[Records from a collection]
=== Begin Enclosure ===

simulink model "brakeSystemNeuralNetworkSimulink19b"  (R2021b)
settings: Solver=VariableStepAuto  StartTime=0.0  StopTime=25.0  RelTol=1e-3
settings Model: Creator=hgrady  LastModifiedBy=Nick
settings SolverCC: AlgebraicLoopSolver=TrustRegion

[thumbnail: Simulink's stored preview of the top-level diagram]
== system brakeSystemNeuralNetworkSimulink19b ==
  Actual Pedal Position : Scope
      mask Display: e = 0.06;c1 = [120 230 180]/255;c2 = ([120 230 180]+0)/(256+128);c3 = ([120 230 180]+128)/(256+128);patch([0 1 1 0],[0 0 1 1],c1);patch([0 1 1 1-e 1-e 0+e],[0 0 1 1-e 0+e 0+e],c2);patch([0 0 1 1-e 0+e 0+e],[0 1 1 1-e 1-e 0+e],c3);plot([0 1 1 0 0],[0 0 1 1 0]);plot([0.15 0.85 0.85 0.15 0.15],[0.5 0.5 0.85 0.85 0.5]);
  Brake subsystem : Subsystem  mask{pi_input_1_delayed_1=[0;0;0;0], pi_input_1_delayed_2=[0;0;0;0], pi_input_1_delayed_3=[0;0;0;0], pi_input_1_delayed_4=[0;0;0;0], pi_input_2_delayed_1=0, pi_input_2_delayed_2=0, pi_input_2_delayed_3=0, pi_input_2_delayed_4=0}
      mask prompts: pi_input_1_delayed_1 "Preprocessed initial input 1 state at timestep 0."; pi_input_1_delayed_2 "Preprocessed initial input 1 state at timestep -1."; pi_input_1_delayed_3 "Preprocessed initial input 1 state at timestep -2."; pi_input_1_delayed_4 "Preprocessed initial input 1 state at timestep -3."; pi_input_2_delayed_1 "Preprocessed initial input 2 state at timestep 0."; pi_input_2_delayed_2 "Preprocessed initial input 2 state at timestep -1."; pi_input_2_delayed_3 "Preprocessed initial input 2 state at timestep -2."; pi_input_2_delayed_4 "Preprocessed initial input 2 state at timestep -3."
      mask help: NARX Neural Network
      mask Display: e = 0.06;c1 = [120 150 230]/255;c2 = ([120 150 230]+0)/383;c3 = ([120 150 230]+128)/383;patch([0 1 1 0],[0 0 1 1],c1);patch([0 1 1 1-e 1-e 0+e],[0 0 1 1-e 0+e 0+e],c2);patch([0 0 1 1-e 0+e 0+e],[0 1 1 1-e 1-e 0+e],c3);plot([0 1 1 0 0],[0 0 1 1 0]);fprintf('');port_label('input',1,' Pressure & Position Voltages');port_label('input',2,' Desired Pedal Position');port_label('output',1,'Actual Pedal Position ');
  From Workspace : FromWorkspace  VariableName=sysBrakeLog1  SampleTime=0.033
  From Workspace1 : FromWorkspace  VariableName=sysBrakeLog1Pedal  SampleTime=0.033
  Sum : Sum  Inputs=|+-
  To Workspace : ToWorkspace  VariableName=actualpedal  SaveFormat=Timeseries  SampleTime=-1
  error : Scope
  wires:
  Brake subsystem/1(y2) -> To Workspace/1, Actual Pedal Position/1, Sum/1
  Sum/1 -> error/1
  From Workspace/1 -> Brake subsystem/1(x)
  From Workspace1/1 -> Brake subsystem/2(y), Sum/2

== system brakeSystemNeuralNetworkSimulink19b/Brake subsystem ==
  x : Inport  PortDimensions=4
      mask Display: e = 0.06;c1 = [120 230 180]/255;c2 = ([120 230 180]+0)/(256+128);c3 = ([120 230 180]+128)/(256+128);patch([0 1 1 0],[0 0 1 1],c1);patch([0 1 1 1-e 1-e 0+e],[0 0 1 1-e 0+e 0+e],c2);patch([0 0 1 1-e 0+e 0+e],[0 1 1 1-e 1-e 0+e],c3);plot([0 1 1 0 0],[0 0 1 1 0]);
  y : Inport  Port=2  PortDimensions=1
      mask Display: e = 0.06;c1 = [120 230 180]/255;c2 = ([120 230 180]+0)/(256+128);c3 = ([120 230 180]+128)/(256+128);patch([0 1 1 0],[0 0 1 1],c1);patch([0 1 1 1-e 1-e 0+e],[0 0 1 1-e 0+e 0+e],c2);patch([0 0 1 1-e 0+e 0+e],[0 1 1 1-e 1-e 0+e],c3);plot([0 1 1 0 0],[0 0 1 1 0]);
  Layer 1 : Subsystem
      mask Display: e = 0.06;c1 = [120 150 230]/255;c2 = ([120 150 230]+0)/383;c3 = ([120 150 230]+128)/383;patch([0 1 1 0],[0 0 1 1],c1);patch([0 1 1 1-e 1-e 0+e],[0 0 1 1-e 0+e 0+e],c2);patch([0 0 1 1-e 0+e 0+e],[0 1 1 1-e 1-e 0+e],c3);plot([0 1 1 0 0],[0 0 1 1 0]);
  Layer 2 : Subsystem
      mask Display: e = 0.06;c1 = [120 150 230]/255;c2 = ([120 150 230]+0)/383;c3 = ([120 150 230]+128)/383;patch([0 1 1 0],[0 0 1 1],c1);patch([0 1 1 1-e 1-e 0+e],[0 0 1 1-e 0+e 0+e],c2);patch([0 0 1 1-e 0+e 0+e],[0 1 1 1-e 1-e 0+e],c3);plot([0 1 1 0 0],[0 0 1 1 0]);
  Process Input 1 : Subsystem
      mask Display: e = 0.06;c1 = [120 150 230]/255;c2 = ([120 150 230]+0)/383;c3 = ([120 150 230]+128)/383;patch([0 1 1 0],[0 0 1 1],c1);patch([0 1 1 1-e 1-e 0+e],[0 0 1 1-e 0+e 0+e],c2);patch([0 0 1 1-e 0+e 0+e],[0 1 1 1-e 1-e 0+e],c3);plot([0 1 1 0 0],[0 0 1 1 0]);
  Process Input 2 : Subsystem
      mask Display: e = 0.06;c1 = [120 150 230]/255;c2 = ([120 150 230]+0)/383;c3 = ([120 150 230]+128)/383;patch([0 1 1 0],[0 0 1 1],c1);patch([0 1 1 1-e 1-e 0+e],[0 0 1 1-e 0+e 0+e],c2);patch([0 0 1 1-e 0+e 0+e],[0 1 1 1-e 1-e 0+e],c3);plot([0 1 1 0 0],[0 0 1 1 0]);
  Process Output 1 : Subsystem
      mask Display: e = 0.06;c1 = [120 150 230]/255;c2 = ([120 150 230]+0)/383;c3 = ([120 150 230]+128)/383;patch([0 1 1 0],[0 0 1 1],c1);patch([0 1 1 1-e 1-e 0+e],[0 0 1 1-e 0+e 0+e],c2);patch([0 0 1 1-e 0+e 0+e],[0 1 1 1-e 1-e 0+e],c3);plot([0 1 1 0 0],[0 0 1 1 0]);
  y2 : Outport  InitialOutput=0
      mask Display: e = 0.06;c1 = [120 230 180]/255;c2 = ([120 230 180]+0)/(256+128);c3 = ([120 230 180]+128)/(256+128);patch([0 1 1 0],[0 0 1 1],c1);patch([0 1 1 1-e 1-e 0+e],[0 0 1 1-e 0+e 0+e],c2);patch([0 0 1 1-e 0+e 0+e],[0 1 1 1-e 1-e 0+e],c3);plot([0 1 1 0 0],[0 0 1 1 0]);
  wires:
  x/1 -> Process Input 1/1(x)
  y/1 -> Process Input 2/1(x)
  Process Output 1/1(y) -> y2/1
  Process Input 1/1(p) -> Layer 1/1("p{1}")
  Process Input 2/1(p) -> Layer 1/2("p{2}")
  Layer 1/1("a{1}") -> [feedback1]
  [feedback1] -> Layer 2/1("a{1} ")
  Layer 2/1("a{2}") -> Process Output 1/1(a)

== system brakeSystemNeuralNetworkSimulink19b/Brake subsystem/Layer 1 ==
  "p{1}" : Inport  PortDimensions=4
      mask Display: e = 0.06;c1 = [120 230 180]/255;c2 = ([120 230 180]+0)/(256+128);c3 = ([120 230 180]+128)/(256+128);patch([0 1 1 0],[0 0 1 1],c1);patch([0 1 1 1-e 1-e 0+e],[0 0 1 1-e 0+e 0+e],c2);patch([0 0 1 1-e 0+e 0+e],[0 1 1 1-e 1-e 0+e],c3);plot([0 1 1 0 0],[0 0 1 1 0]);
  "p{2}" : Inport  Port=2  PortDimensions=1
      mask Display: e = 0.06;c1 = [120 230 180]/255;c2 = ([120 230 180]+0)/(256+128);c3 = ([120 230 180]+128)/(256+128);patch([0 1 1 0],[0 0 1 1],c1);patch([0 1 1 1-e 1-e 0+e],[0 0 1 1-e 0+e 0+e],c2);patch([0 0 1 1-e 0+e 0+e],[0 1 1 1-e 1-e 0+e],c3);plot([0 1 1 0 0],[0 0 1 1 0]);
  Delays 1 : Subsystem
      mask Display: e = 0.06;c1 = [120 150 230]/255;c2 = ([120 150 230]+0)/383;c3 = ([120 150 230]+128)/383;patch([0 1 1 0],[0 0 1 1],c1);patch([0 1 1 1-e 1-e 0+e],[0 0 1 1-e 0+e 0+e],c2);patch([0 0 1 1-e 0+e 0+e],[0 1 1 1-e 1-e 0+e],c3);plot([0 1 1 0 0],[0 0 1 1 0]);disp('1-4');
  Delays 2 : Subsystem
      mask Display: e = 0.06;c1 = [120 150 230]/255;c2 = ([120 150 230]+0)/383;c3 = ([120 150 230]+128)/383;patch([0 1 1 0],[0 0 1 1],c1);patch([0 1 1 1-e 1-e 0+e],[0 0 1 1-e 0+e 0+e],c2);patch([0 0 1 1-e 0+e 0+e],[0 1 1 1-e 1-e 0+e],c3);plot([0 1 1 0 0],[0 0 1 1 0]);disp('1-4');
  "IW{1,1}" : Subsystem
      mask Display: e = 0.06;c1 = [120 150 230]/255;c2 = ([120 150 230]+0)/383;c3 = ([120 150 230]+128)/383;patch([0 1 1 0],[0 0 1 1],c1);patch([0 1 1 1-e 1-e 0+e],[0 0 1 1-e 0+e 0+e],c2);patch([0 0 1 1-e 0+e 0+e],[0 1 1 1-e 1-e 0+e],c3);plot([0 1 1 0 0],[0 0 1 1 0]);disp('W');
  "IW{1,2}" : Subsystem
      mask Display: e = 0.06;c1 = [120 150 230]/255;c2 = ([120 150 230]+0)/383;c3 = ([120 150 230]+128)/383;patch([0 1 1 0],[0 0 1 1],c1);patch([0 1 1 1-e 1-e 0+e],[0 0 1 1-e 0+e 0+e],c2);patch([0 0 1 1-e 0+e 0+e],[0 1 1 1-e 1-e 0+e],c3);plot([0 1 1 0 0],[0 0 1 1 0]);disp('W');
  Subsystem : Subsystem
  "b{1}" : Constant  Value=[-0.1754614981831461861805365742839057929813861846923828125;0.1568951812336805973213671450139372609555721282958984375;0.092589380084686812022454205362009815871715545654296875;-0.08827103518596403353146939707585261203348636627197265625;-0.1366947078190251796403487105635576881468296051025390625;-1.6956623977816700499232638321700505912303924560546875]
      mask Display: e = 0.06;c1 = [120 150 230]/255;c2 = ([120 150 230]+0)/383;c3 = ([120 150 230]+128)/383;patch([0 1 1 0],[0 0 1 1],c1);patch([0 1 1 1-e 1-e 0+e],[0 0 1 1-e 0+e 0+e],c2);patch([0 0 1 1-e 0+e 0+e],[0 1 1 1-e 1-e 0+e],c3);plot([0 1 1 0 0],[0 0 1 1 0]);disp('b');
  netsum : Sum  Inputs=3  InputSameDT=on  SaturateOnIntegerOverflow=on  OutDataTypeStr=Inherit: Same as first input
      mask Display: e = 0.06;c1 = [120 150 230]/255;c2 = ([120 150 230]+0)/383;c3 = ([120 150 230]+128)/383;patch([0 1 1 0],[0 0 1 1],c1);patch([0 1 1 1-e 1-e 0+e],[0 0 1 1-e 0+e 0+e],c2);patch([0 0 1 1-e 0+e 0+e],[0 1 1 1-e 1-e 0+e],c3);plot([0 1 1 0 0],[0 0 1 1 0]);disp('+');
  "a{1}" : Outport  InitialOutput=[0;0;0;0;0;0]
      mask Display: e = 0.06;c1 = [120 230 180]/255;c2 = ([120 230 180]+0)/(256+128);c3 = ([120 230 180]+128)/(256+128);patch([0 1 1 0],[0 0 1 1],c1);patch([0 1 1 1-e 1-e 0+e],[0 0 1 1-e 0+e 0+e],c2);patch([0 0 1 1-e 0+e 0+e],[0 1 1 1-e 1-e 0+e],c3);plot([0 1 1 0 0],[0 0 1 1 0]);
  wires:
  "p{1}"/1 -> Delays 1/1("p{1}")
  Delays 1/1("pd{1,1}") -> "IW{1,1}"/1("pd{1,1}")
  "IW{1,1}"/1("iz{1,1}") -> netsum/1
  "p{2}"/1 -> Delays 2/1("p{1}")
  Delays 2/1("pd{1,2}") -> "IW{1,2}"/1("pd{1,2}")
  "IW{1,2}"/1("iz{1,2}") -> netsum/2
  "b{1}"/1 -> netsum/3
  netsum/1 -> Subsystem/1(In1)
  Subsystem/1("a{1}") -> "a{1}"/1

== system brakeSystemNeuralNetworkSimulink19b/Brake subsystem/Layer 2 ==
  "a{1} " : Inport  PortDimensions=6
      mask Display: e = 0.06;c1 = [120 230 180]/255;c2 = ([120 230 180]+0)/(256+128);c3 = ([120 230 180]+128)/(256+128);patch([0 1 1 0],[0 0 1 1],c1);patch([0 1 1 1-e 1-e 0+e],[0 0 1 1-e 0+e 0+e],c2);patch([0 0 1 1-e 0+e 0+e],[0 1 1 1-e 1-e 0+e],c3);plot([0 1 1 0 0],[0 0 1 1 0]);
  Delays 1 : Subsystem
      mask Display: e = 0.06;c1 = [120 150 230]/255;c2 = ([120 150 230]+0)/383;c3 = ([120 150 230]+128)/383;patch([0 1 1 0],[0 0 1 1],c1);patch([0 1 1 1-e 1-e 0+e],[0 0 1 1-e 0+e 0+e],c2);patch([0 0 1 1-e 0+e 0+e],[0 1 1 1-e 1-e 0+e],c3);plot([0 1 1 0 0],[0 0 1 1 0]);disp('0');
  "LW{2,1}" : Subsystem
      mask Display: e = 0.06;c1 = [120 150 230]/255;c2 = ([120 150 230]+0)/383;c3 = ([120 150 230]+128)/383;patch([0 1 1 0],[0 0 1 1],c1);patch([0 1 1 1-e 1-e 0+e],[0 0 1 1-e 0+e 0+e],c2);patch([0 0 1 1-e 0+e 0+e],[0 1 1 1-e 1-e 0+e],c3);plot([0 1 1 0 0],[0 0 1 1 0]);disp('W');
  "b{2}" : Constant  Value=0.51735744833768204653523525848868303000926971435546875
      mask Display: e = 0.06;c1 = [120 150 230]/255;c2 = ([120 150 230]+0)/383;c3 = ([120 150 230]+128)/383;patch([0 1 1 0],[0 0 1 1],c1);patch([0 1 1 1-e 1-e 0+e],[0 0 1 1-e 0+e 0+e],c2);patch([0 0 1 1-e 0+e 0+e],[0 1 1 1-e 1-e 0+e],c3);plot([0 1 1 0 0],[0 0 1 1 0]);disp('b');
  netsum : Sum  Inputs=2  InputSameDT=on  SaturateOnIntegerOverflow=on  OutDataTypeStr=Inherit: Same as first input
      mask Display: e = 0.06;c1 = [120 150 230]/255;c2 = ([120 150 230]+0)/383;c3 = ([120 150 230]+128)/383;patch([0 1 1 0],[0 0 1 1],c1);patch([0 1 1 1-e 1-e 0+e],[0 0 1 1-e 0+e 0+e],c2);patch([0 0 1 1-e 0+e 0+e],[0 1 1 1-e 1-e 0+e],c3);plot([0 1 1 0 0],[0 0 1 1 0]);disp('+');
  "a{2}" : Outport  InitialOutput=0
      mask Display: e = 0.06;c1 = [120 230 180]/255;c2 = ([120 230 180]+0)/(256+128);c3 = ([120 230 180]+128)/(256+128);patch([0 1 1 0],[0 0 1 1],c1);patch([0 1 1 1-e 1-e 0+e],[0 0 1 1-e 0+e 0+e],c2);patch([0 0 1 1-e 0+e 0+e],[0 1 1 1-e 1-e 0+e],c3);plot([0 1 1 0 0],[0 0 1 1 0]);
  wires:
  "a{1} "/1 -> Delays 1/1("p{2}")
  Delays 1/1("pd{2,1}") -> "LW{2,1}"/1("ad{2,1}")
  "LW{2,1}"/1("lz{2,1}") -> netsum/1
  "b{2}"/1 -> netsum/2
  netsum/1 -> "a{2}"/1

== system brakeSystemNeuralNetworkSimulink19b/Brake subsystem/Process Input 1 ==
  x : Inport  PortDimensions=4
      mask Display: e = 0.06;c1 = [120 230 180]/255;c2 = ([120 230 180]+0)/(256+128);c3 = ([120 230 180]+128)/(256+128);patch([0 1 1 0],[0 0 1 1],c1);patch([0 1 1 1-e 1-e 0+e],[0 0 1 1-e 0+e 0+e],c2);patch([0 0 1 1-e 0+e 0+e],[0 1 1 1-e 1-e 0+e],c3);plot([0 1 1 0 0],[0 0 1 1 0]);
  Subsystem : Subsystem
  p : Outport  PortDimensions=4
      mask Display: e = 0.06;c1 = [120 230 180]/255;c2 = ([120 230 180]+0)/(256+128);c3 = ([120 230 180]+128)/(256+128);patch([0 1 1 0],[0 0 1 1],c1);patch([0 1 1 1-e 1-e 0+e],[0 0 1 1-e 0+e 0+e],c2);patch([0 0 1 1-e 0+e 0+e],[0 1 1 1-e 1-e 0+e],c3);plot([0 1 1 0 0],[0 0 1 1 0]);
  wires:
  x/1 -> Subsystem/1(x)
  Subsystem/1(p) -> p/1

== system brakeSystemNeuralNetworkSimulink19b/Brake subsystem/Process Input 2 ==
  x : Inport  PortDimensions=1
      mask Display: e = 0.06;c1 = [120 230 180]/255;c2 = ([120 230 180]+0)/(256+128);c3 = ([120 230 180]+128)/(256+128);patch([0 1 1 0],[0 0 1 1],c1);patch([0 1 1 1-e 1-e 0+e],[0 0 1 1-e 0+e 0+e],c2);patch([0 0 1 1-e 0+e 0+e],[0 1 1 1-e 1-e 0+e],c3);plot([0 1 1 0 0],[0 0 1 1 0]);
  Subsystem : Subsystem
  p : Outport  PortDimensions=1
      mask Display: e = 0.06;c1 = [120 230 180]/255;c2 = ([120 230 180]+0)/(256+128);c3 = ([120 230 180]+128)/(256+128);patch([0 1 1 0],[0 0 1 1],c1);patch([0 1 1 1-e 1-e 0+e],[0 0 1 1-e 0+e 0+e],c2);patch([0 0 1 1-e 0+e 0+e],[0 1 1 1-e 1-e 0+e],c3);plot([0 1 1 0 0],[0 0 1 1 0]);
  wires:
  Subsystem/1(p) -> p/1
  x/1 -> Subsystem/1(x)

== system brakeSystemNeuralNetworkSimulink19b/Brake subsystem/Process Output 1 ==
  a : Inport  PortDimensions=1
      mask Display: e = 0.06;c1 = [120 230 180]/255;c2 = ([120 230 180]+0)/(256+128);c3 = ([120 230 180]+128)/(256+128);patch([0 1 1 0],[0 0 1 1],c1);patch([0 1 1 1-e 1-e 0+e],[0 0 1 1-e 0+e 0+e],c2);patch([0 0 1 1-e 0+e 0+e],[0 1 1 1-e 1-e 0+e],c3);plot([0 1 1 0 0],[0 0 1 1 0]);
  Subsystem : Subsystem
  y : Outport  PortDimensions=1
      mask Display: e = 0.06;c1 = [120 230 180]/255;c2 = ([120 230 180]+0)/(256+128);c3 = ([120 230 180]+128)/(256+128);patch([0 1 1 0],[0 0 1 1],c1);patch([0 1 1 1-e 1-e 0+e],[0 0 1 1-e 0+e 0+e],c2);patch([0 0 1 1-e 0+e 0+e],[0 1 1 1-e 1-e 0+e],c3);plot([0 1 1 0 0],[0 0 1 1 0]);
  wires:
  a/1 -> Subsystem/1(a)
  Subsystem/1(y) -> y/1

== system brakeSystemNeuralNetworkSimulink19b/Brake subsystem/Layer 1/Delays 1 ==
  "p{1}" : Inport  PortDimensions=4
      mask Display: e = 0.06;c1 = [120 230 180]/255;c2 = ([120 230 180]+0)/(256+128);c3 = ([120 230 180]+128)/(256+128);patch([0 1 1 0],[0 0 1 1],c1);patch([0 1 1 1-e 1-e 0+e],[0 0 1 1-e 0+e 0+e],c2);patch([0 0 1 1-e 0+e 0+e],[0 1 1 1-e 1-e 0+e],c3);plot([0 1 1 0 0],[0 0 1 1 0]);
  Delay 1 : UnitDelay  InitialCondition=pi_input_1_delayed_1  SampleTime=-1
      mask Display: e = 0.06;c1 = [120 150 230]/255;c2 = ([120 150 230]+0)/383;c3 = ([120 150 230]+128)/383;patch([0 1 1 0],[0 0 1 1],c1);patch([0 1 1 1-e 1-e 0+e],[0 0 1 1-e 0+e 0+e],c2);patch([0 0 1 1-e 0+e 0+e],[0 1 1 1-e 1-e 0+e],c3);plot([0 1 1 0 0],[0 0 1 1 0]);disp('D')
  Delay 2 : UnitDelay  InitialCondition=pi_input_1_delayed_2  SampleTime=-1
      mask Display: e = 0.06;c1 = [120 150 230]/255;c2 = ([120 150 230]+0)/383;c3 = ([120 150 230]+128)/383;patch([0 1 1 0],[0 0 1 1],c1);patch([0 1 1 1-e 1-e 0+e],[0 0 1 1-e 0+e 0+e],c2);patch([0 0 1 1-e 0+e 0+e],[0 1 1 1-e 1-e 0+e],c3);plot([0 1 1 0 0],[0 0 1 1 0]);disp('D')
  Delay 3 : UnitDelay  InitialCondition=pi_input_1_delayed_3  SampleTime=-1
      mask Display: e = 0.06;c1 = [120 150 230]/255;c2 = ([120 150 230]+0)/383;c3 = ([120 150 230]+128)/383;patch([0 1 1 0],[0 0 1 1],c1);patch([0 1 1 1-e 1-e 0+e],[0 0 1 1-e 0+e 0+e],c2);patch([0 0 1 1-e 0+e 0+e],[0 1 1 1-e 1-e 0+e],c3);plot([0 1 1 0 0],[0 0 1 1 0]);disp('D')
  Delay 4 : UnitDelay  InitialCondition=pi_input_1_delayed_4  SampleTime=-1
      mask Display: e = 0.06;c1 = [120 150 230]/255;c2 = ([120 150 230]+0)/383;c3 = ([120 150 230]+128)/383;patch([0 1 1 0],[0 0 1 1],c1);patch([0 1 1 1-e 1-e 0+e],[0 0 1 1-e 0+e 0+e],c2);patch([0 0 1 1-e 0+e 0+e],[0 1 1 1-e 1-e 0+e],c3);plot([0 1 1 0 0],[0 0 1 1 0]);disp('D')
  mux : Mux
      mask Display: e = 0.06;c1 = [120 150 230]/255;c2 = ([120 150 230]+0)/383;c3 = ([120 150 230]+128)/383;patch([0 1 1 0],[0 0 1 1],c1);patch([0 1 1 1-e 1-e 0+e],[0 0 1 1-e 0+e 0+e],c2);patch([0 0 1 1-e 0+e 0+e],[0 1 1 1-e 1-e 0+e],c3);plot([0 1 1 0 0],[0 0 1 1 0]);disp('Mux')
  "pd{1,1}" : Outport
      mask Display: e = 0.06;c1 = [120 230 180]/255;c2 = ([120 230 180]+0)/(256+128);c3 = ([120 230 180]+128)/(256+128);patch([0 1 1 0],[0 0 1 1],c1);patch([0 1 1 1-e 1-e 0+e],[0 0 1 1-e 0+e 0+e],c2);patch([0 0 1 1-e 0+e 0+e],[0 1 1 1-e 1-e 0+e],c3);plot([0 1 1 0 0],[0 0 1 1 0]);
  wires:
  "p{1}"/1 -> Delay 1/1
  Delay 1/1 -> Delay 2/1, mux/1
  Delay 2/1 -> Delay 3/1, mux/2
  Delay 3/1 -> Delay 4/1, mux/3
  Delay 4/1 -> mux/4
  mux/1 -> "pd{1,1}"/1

=== End Enclosure ===

• _PROBLEM TO WORK ON_: In the records above, some lines hold the word "Delays"; copy each such line.

• _EXERCISE RESPONSE_:
  Delays 1 : Subsystem
  Delays 2 : Subsystem
  "p{1}"/1 -> Delays 1/1("p{1}")
  Delays 1/1("pd{1,1}") -> "IW{1,1}"/1("pd{1,1}")
  "p{2}"/1 -> Delays 2/1("p{1}")
  Delays 2/1("pd{1,2}") -> "IW{1,2}"/1("pd{1,2}")
  Delays 1 : Subsystem
  "a{1} "/1 -> Delays 1/1("p{2}")
  Delays 1/1("pd{2,1}") -> "LW{2,1}"/1("ad{2,1}")
== system brakeSystemNeuralNetworkSimulink19b/Brake subsystem/Layer 1/Delays 1 ==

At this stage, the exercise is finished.